At least 70 young women and teenage girls and boys have been kidnapped in Borno and Adamawa states since Oct. 18, according to local government chairman Shettima Maina and residents who spoke on condition of anonymity because they feared retribution.
The insurgents also launched several attacks since the cease-fire was announced. On Friday a multinational force including troops from Nigeria and Niger engaged in fierce fighting to regain control of Abadam, a town held by Boko Haram on the western shores of Lake Chad.
Ten days after the announcement, Boko Haram has not indicated that it has agreed to a truce.
Nigeria's minister of foreign affairs, Aminu Wali, said Monday that Boko Haram has denied recent kidnappings and suggested it might be the work of dissidents wanting to break the cease-fire.
He said the release of the Chibok girls is part of ongoing cease-fire negotiations, which would not be affected by the latest abductions.
"There is still negotiation going on and we expect a lot of progress to be made ... And we will make an effort also to bring back those that have been kidnapped," Wali told a news conference in Abuja, Nigeria's capital.
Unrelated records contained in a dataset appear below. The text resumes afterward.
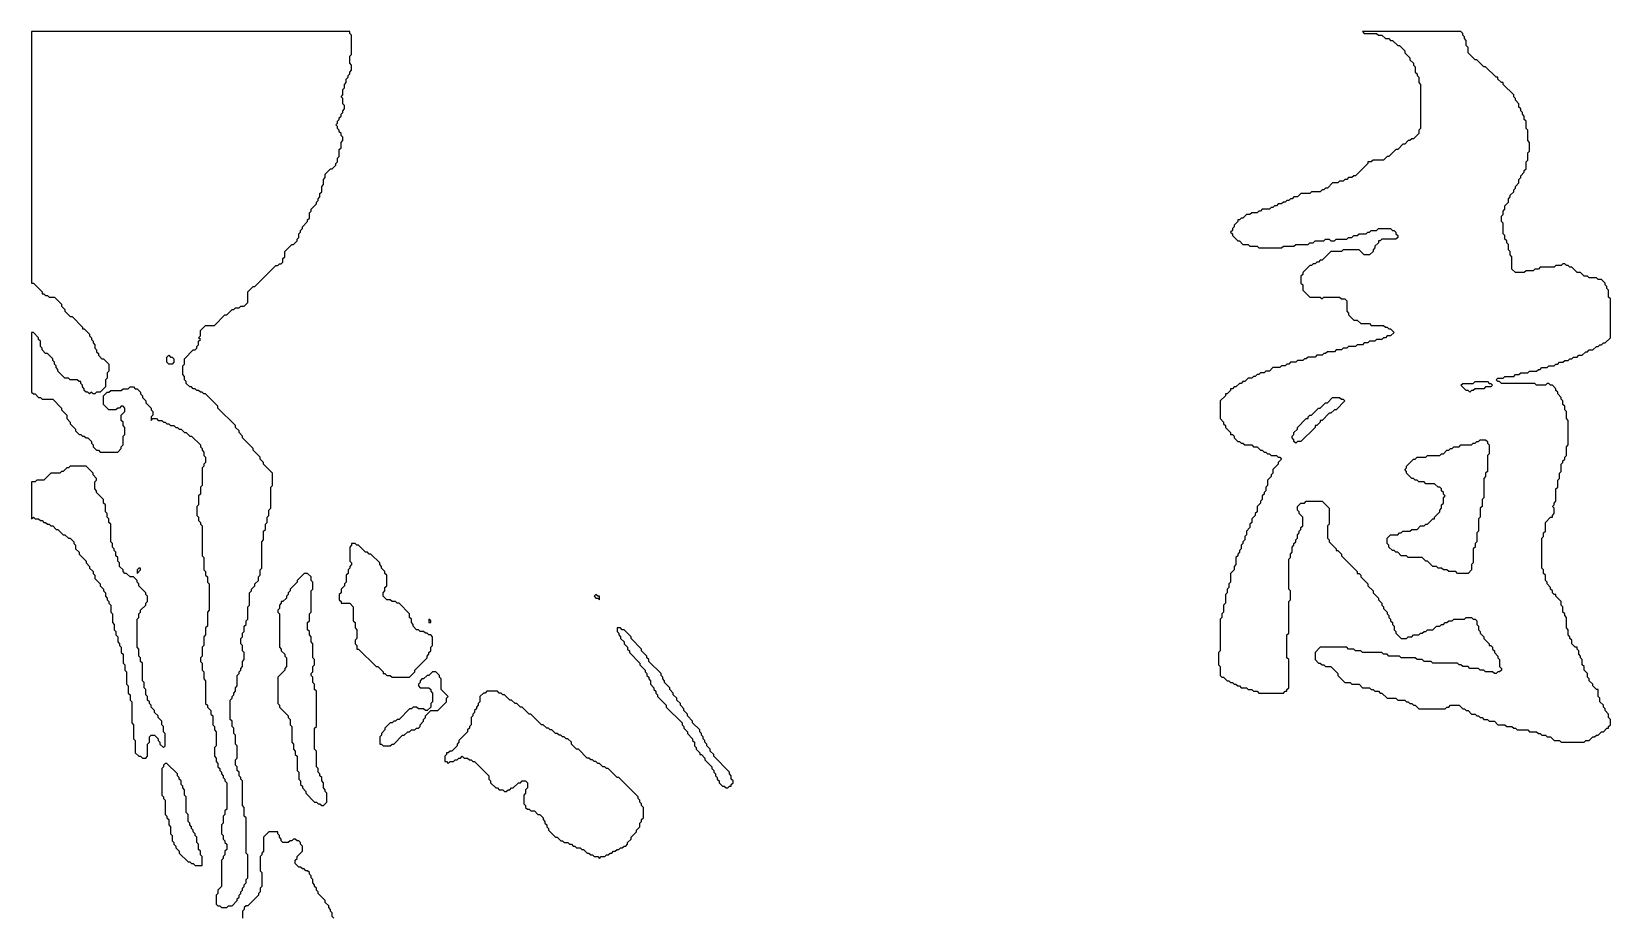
# Model space of a CAD drawing. Header units: millimetres. Extents: x 0 to 462, y 30 to 500.
# Drawn here: x 0 to 449, y 248.5 to 500 of the extents above; entities that cross this region are included whole.
import ezdxf

# ---------------------------------------------------------------- set-up
doc = ezdxf.new("R2010")
doc.units = ezdxf.units.MM

msp = doc.modelspace()

# ---------------------------------------------------------------- linework, layer by layer
for points in [[(0, 500), (0, 428.5), (0.5, 428.5), (3, 426), (3, 425.5), (3.5, 425.5), (4, 425), (4.5, 425), (5, 424.5), (6.5, 424.5), (8.5, 422.5), (8.5, 422), (9.5, 421), (9.5, 420.5), (11, 419), (11.5, 419), (14.5, 416), (14.5, 415.5), (15, 415.5), (16.5, 414), (16.5, 413.5), (17, 413), (17, 412.5), (17.5, 412), (17.5, 411.5), (18, 411), (18, 410), (18.5, 409.5), (18.5, 409), (19, 408.5), (19, 408), (20, 407), (20.5, 407), (22, 405.5), (22, 403.5), (21.5, 403), (21.5, 401.5), (21, 401), (21, 399), (19.5, 397.5), (18.5, 397.5), (18, 397), (17.5, 397), (17, 397.5), (16.5, 397), (16, 397.5), (15.5, 397.5), (15, 398), (15, 398.5), (14.5, 399), (14.5, 399.5), (14, 400), (14, 400.5), (13.5, 400.5), (13, 401), (11, 401), (10.5, 401.5), (9.5, 401.5), (7.5, 403.5), (7.5, 404), (7, 404.5), (7, 405), (6.5, 405.5), (6.5, 406), (6, 406.5), (6, 407), (4.5, 408.5), (4, 408.5), (3, 409.5), (3, 410), (2.5, 410.5), (2.5, 412), (2, 412.5), (2, 413), (0.5, 414.5), (0, 414.5), (0, 397.5), (0.5, 397), (1, 397), (2, 396), (2.5, 396), (3, 395.5), (6, 395.5), (8.5, 393), (8.5, 392.5), (10, 391), (10, 390), (11, 389), (11, 388.5), (12.5, 387), (12.5, 386.5), (13.5, 385.5), (14, 385.5), (14.5, 385), (15, 385), (15.5, 384.5), (16, 384.5), (17, 383.5), (17, 383), (17.5, 382.5), (17.5, 382), (18.5, 381), (19, 381), (19.5, 380.5), (24.5, 380.5), (25.5, 381.5), (25.5, 382), (26, 382.5), (26, 385), (26.5, 385.5), (26.5, 387.5), (26, 388), (26, 389), (25.5, 389.5), (25.5, 391), (26.5, 392), (26.5, 393), (26, 393.5), (25.5, 393.5), (25, 393), (24.5, 393), (24, 392.5), (22, 392.5), (20.5, 394), (20.5, 396.5), (21.5, 397.5), (22, 397.5), (22.5, 398), (25.5, 398), (26, 398.5), (27.5, 398.5), (28, 399), (29, 399), (29.5, 398.5), (30, 398.5), (31, 397.5), (31, 397), (31.5, 396.5), (31.5, 396), (32.5, 395), (32.5, 394.5), (34, 393), (34, 392.5), (34.5, 392), (34.5, 391), (34, 390.5), (34, 389.5), (34.5, 390), (35.5, 390), (36, 389.5), (37, 389.5), (37.5, 389), (38, 389), (38.5, 388.5), (39, 388.5), (39.5, 388), (40.5, 388), (41, 387.5), (41.5, 387.5), (42, 387), (42.5, 387), (43.5, 386), (44, 386), (45, 385), (45.5, 385), (48, 382.5), (48, 382), (48.5, 381.5), (48.5, 381), (49, 380.5), (49, 379.5), (49.5, 379), (49.5, 377.5), (49, 377), (49, 376.5), (48.5, 376), (48.5, 371), (48, 370.5), (48, 368.5), (47.5, 368), (47.5, 365.5), (47, 365), (47, 362.5), (47.5, 362), (47.5, 361), (48, 360.5), (48, 360), (48.5, 359.5), (48.5, 351), (49, 350.5), (49, 347), (49.5, 346.5), (49.5, 345.5), (50, 345), (50, 343.5), (50.5, 343), (50.5, 335.5), (50, 335), (50, 331), (49.5, 330.5), (49.5, 328.5), (49, 328), (49, 325.5), (48.5, 325), (48.5, 322.5), (48, 322), (48, 321), (48.5, 320.5), (48.5, 318.5), (49, 318), (49, 316), (49.5, 315.5), (49.5, 309), (50, 308.5), (50, 308), (51, 307), (51, 306), (51.5, 305.5), (51.5, 303), (52, 302.5), (52, 301.5), (52.5, 301), (52.5, 297), (52, 296.5), (52, 294), (52.5, 293.5), (52.5, 292.5), (53, 292), (53, 291), (53.5, 290.5), (53.5, 290), (54, 289.5), (54, 289), (54.5, 288.5), (54.5, 288), (55, 287.5), (55, 287), (55.5, 286.5), (55.5, 279), (55, 278.5), (55, 277.5), (54.5, 277), (54.5, 275), (54, 274.5), (54, 272), (54.5, 271.5), (54.5, 270.5), (55, 270), (55, 269.5), (55.5, 269), (55.5, 267.5), (55, 267), (55, 266), (54.5, 265.5), (54.5, 265), (54, 264.5), (54, 257), (53, 256), (53, 255), (52.5, 254.5), (52.5, 252), (53, 251.5), (53.5, 251.5), (54, 251), (55.5, 251), (56, 251.5), (57, 251.5), (58.5, 253), (58.5, 253.5), (59, 254), (59, 254.5), (59.5, 255), (59.5, 255.5), (60, 256), (60, 256.5), (60.5, 257), (60.5, 257.5), (61, 258), (61, 259), (61.5, 259.5), (61.5, 266), (61, 266.5), (61, 276.5), (60.5, 277), (60.5, 279.5), (60, 280), (60, 287), (59.5, 287.5), (59.5, 288), (59, 288.5), (59, 289.5), (58.5, 290), (58.5, 291), (58, 291.5), (58, 293), (58.5, 293.5), (58.5, 297), (58, 297.5), (58, 300), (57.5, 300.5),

He spoke alongside the foreign ministers of Germany and France, who announced a joint initiative to help victims of Boko Haram.
"Thousands of people have become traumatized by the violence," said Laurent Fabius of France, announcing joint financing of "a program for the support of these people and to help them overcome the trauma and the psychological distress that they have suffered."
None of the escaped girls interviewed by Human Rights Watch was offered proper counseling, the group said in a new report Monday, quoting escapees who described forced marriages and rapes, forced conversions to Islam, forced labor and forced participation in attacks.
The insurgents mainly target Christians and girls who go to school, said Human Rights Watch.
More than 500 girls and women have been kidnapped by Boko Haram since 2009, according to an estimate by the New York-based rights group. Unknown scores of young men also have been kidnapped and forced to join the extremists as fighters.
Boko Haram leader Abubakar Shekau said in a video last year that his group kidnaps because the military is holding members of Boko Haram families. Nigeria's military and police routinely detain family members of wanted people, even though it is illegal, according to rights groups.
Human Rights Watch said only students who escaped from Chibok had received some type of state-supported counseling and medical care. But it quoted one of the Chibok girls as saying the counseling was just speeches by one Christian and one Muslim cleric.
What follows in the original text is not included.